Exercise material:
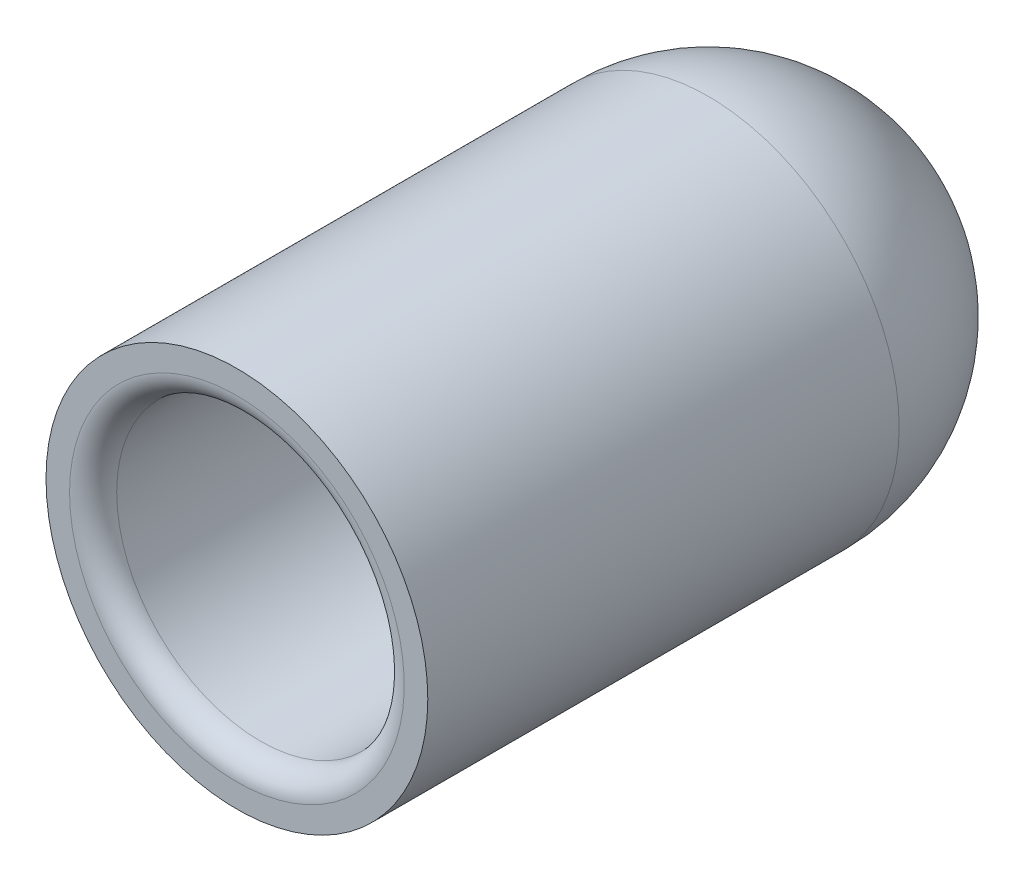
SolidWorks part; units mm, degrees
ref_plane "Front Plane" through (0, 0, 0) normal (0, 0, 1) x (1, 0, 0)
ref_plane "Top Plane" through (0, 0, 0) normal (0, 1, 0) x (1, 0, 0)
ref_plane "Right Plane" through (0, 0, 0) normal (1, 0, 0) x (0, 0, -1)
sketch "Sketch1" plane through (0, 0, 0) normal (0, 1, 0) x (1, 0, 0)
  line L0 (0, 0) -> (-6.1, 0)
  line L1 (-6.1, 0) -> (-6.1, 20)
  line L2 (-6.1, 20) -> (0, 20)
  line L3 (-8.1, 20) -> (-8.1, 0)
  line L4 (-8.1, 0) -> (-6.1, 0)
  line L5 (0, 0) -> (0, 28.1)
  circle A2 centre (0, 20) radius 6.1
  circle A3 centre (0, 20) radius 8.1
  dimension "D1" = 6.1
revolve "Revolve1" add sketch "Sketch1" angle 360 about L5
fillet "Fillet1" radius 1 1 edges at (6.1, 0, 0)
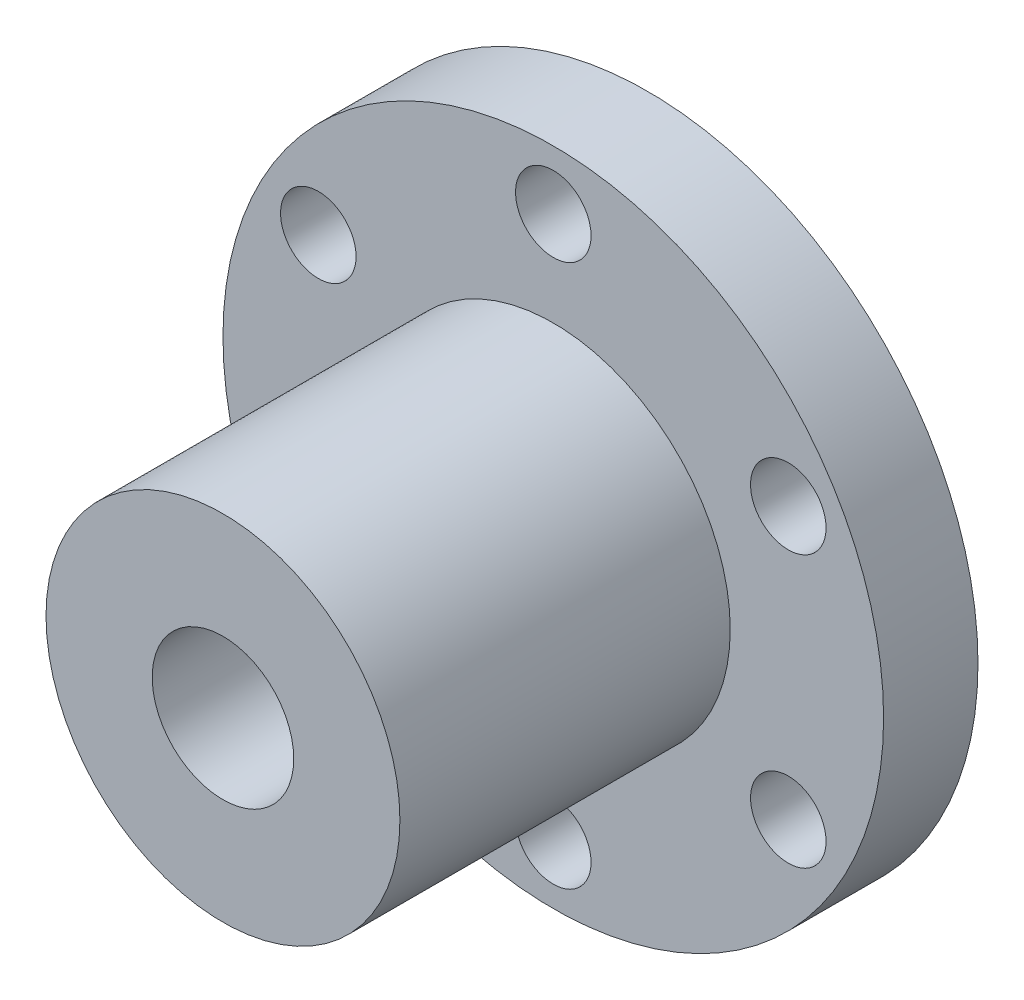
SolidWorks part; units mm, degrees
ref_plane "前视基准面" through (0, 0, 0) normal (0, 0, 1) x (1, 0, 0)
ref_plane "上视基准面" through (0, 0, 0) normal (0, 1, 0) x (1, 0, 0)
ref_plane "右视基准面" through (0, 0, 0) normal (1, 0, 0) x (0, 0, -1)
sketch "草图1" plane through (0, 0, 0) normal (0, 0, 1) x (1, 0, 0)
  circle A0 centre (0, 0) radius 14
  dimension "D1" = 28
extrude "凸台-拉伸1" add sketch "草图1" along normal blind 4
sketch "草图2" plane through (0, 0, 4) normal (0, 0, 1) x (1, 0, 0)
  circle A0 centre (0, 0) radius 7.5
  dimension "D1" = 15
extrude "凸台-拉伸2" add sketch "草图2" along normal blind 14
sketch "草图3" plane through (0, 0, 18) normal (0, 0, 1) x (1, 0, 0)
  circle A0 centre (0, 0) radius 3
  dimension "D1" = 6
extrude "切除-拉伸1" cut sketch "草图3" against normal up to next
sketch "草图4" plane through (0, 0, 4) normal (0, 0, 1) x (1, 0, 0)
  line L0 (0, 0) -> (0, 14) construction
  circle A0 centre (0, 0) radius 14 construction
  circle A1 centre (0, 11.5) radius 1.6
  circle A2 centre (9.9593, 5.75) radius 1.6
  circle A3 centre (9.9593, -5.75) radius 1.6
  circle A4 centre (0, -11.5) radius 1.6
  circle A5 centre (-9.9593, -5.75) radius 1.6
  circle A6 centre (-9.9593, 5.75) radius 1.6
  point P21 (0, 0)
  dimension "D1" = 3.2
  dimension "D2" = 11.5
  dimension "D3" = 6
extrude "切除-拉伸2" cut sketch "草图4" against normal up to next

What the exercise asks: Each entry above should be printed exactly, and any picture in it left out.

Problem solution:
SolidWorks part; units mm, degrees
ref_plane "Front Plane" through (0, 0, 0) normal (0, 0, 1) x (1, 0, 0)
ref_plane "Top Plane" through (0, 0, 0) normal (0, 1, 0) x (1, 0, 0)
ref_plane "Right Plane" through (0, 0, 0) normal (1, 0, 0) x (0, 0, -1)
sketch "Sketch1" plane through (0, 0, 0) normal (0, 1, 0) x (1, 0, 0)
  line L0 (0, 0) -> (-6.1, 0)
  line L1 (-6.1, 0) -> (-6.1, 20)
  line L2 (-6.1, 20) -> (0, 20)
  line L3 (-8.1, 20) -> (-8.1, 0)
  line L4 (-8.1, 0) -> (-6.1, 0)
  line L5 (0, 0) -> (0, 28.1)
  circle A2 centre (0, 20) radius 6.1
  circle A3 centre (0, 20) radius 8.1
  dimension "D1" = 6.1
revolve "Revolve1" add sketch "Sketch1" angle 360 about L5
fillet "Fillet1" radius 1 1 edges at (6.1, 0, 0)
SolidWorks part; units mm, degrees
ref_plane "前视基准面" through (0, 0, 0) normal (0, 0, 1) x (1, 0, 0)
ref_plane "上视基准面" through (0, 0, 0) normal (0, 1, 0) x (1, 0, 0)
ref_plane "右视基准面" through (0, 0, 0) normal (1, 0, 0) x (0, 0, -1)
sketch "草图1" plane through (0, 0, 0) normal (0, 0, 1) x (1, 0, 0)
  circle A0 centre (0, 0) radius 14
  dimension "D1" = 28
extrude "凸台-拉伸1" add sketch "草图1" along normal blind 4
sketch "草图2" plane through (0, 0, 4) normal (0, 0, 1) x (1, 0, 0)
  circle A0 centre (0, 0) radius 7.5
  dimension "D1" = 15
extrude "凸台-拉伸2" add sketch "草图2" along normal blind 14
sketch "草图3" plane through (0, 0, 18) normal (0, 0, 1) x (1, 0, 0)
  circle A0 centre (0, 0) radius 3
  dimension "D1" = 6
extrude "切除-拉伸1" cut sketch "草图3" against normal up to next
sketch "草图4" plane through (0, 0, 4) normal (0, 0, 1) x (1, 0, 0)
  line L0 (0, 0) -> (0, 14) construction
  circle A0 centre (0, 0) radius 14 construction
  circle A1 centre (0, 11.5) radius 1.6
  circle A2 centre (9.9593, 5.75) radius 1.6
  circle A3 centre (9.9593, -5.75) radius 1.6
  circle A4 centre (0, -11.5) radius 1.6
  circle A5 centre (-9.9593, -5.75) radius 1.6
  circle A6 centre (-9.9593, 5.75) radius 1.6
  point P21 (0, 0)
  dimension "D1" = 3.2
  dimension "D2" = 11.5
  dimension "D3" = 6
extrude "切除-拉伸2" cut sketch "草图4" against normal up to next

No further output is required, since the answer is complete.